HRT is booming, despite a history of being rife with ghostwriting paid for by pharmaceutical companies.
Tobacconizing the scientific literature: Pharmaceutical companies promote their products via the use of vendors producing ghostwritten manuscripts which are placed into medical journals.
Tobacconizing the scientific literature
In just 2017, Slate published an excellent article about pharmaceutical industry funded ghostwriting. Think of this Ghostwriting as “Science” Laundering.
Excerpt from Slate’s article Big Pharma’s Attempt to Ghostwrite for Stat Ended Badly—but Not Badly Enough:
Industrial ghostwriters started appearing in the 1960s, when people were figuring out that cigarettes cause cancer, and later, in the 1980s and 1990s, when scientists began to probe the effects of secondhand smoke. In response, tobacco executives started to summon legions of ghostwriters, called by the ritual sacrifice of stacks of little green pieces of paper. In return, they tried to sway public opinion by putting soothing, tobacco-friendly words in the mouths of seemingly unaffiliated scientists.
Since then, ghostwriters employed by parts of the pharmaceutical industry have been busily tobacconizing the scientific literature. Gaze into the depths of PubMed for long enough, and they will materialize before your eyes, promoting Wyeth’s Prempro, Merck’s Vioxx, and Pfizer’s Neurontin, just to name a few. (It’s not only Big Pharma that’s been dabbling in the dark arts; recently, for example, ghosts were spotted defending Monsanto’s Roundup.)
HRT “Science” Laundering
This corruption is the case with HRT (Hormone Replacement Therapy). In 2010, PLOS reported on medical ghostwriting in regards to Wyeth (purchased by Pfizer) and its promotion of HRT.
Here’s the summary of what was found:
Some 1500 documents revealed in litigation provide unprecedented insights into how pharmaceutical companies promote drugs, including the use of vendors to produce ghostwritten manuscripts and place them into medical journals.
Dozens of ghostwritten reviews and commentaries published in medical journals and supplements were used to promote unproven benefits and downplay harms of menopausal hormone therapy (HT), and to cast raloxifene and other competing therapies in a negative light.
Specifically, the pharmaceutical company Wyeth used ghostwritten articles to mitigate the perceived risks of breast cancer associated with HT, to defend the unsupported cardiovascular “benefits” of HT, and to promote off-label, unproven uses of HT such as the prevention of dementia, Parkinson's disease, vision problems, and wrinkles.

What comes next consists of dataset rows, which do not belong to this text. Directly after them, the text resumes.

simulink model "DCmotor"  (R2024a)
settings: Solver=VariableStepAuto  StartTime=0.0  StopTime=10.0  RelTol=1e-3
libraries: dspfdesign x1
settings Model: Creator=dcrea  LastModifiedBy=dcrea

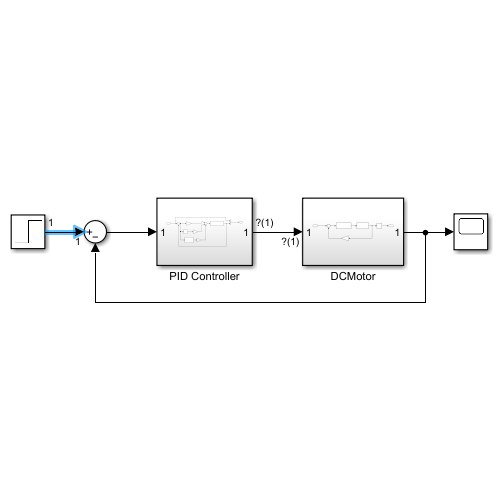
[thumbnail: Simulink's stored preview of the top-level diagram]
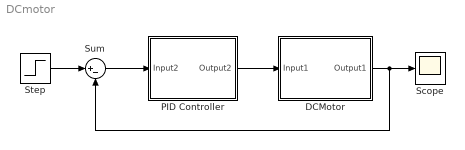
== system DCmotor ==
  DCMotor : Subsystem
  PID Controller : Subsystem
  Scope : Scope
  Step : Step  SampleTime=0
  Sum : Sum  Inputs=|+-
  wires:
  Sum/1 -> PID Controller/1(Input2)
  Step/1 -> Sum/1
  DCMotor/1(Output1) -> Scope/1, Sum/2
  PID Controller/1(Output2) -> DCMotor/1(Input1)

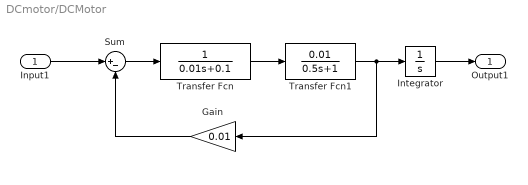
== system DCmotor/DCMotor ==
  Input1 : Inport
  Gain : Gain  Gain=0.01
  Integrator : Integrator
  Sum : Sum  Inputs=|+-
  Transfer Fcn : TransferFcn  Denominator=[0.01 0.1]
  Transfer Fcn1 : TransferFcn  Numerator=[0.01]  Denominator=[0.5 1]
  Output1 : Outport
  wires:
  Input1/1 -> Sum/1
  Transfer Fcn/1 -> Transfer Fcn1/1
  Gain/1 -> Sum/2
  Sum/1 -> Transfer Fcn/1
  Integrator/1 -> Output1/1
  Transfer Fcn1/1 -> Gain/1, Integrator/1

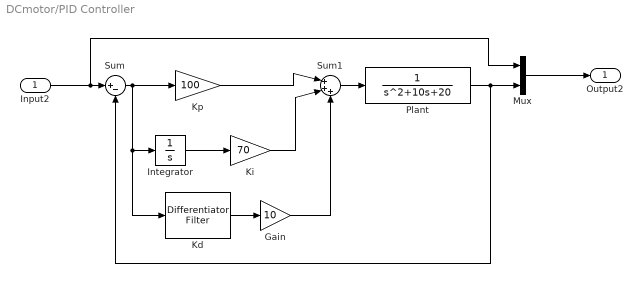
== system DCmotor/PID Controller ==
  Input2 : Inport
  Gain : Gain  Gain=10
  Integrator : Integrator
  Kd : dspfdesign/Differentiator Filter  DesignForMinimumOrder=on  FilterOrder=31  PassbandRipple=0.1  ScaleCoefficients=off  SimulateUsing=Interpreted execution  roundingMode=Floor  coeffsDataTypeStr=fixdt(1,16)
  Ki : Gain  Gain=70
  Kp : Gain  Gain=100
  Mux : Mux  Inputs=2
  Plant : TransferFcn  Denominator=[1 10 20]
  Sum : Sum  Inputs=|+-
  Sum1 : Sum  Inputs=|+++
  Output2 : Outport
  wires:
  Plant/1 -> Mux/2, Sum/2
  Kp/1 -> Sum1/1
  Ki/1 -> Sum1/2
  Input2/1 -> Mux/1, Sum/1
  Sum/1 -> Kd/1, Integrator/1, Kp/1
  Kd/1 -> Gain/1
  Mux/1 -> Output2/1
  Sum1/1 -> Plant/1
  Gain/1 -> Sum1/3
  Integrator/1 -> Ki/1
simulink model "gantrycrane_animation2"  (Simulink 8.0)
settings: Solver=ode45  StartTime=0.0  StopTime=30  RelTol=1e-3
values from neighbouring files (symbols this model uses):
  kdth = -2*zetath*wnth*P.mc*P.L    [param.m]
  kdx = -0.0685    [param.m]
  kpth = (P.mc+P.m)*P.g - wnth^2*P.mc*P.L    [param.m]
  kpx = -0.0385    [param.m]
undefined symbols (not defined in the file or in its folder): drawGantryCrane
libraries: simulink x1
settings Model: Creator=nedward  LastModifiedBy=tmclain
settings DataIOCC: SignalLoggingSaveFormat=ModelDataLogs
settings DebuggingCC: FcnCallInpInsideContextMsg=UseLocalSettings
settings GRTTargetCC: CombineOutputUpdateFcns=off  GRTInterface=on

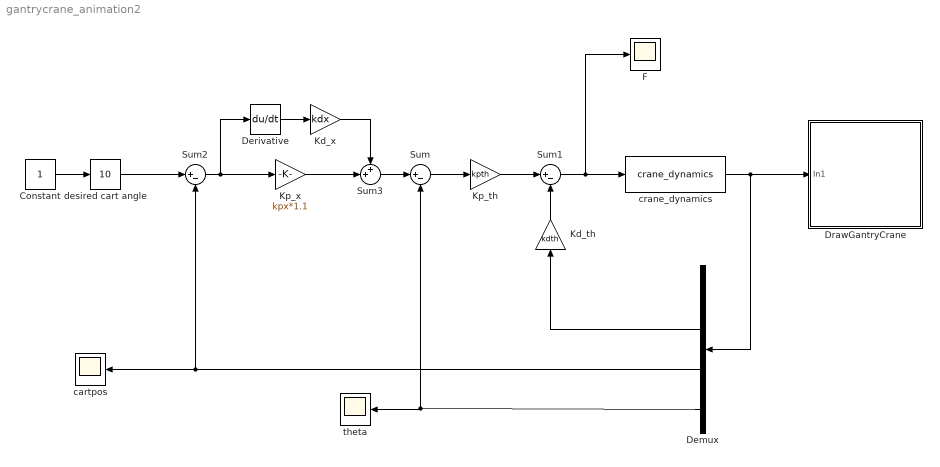
== system gantrycrane_animation2 ==
  Constant : Constant
  Demux : Demux
  Derivative : Derivative
  DrawGantryCrane : Subsystem
      mask init:
      | bar = 20;
      | crane = [5 3];
      | L1 = 10;
      | R1 = 1;
      mask Display: image(imread('tv.jpg'))
  F : Scope
      settings: TimeRange=30  YMin=-2000  YMax=14000  SaveName=ScopeData3
  Kd_th : Gain  Gain=kdth
  Kd_x : Gain  Gain=kdx
  Kp_th : Gain  Gain=kpth
  Kp_x : Gain  Gain=kpx*1.1
  Sum : Sum  Inputs=|+-
  Sum1 : Sum  Inputs=|+-
  Sum2 : Sum  Inputs=|+-
  Sum3 : Sum  Inputs=++|
  cartpos : Scope
      settings: TimeRange=30  YMin=0  YMax=12
  crane_dynamics : S-Function  FunctionName=crane_dynamics  Parameters=P  EnableBusSupport=off
  desired cart angle : simulink/Math Operations/Slider Gain  low=-10  gain=10  high=10
  theta : Scope
      settings: TimeRange=30  YMin=-0.2  YMax=0.15
  wires:
  crane_dynamics/1 -> DrawGantryCrane/1(In1), Demux/1
  Constant/1 -> desired cart angle/1
  Demux/2 -> Kd_th/1
  desired cart angle/1 -> Sum2/1
  Kd_th/1 -> Sum1/2
  Demux/4 -> theta/1, Sum/2
  Sum1/1 -> crane_dynamics/1, F/1
  Demux/3 -> cartpos/1, Sum2/2
  Kp_th/1 -> Sum1/1
  Sum/1 -> Kp_th/1
  Sum3/1 -> Sum/1
  Sum2/1 -> Kp_x/1, Derivative/1
  Kp_x/1 -> Sum3/2
  Derivative/1 -> Kd_x/1
  Kd_x/1 -> Sum3/1

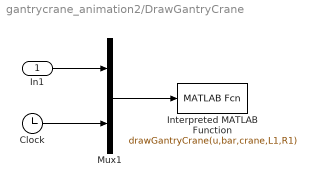
== system gantrycrane_animation2/DrawGantryCrane ==
  In1 : Inport
  Clock : Clock
  Interpreted MATLAB Function : MATLABFcn  MATLABFcn=drawGantryCrane(u,bar,crane,L1,R1)  OutputDimensions=0  SampleTime=0.1
  Mux1 : Mux  Inputs=2
  wires:
  Clock/1 -> Mux1/2
  Mux1/1 -> Interpreted MATLAB Function/1
  In1/1 -> Mux1/1

Given the growing evidence that ghostwriting has been used to promote HT and other highly promoted drugs, the medical profession must take steps to ensure that prescribers renounce participation in ghostwriting, and to ensure that unscrupulous relationships between industry and academia are avoided rather than courted.
Most of use should know by now, since the Gender Identity Industry (the most highly funded fake-civil-rights movement ever), sex-hormones have a new target market: Children and others who have been manipulated into thinking that she or he was born in the wrong body based on sex stereotypes (associations of color, clothing, behavior). The horrible side effects are the same, but it’s the price people pay when they’ve been sold that living an authentic life via life long medicalization is their only option.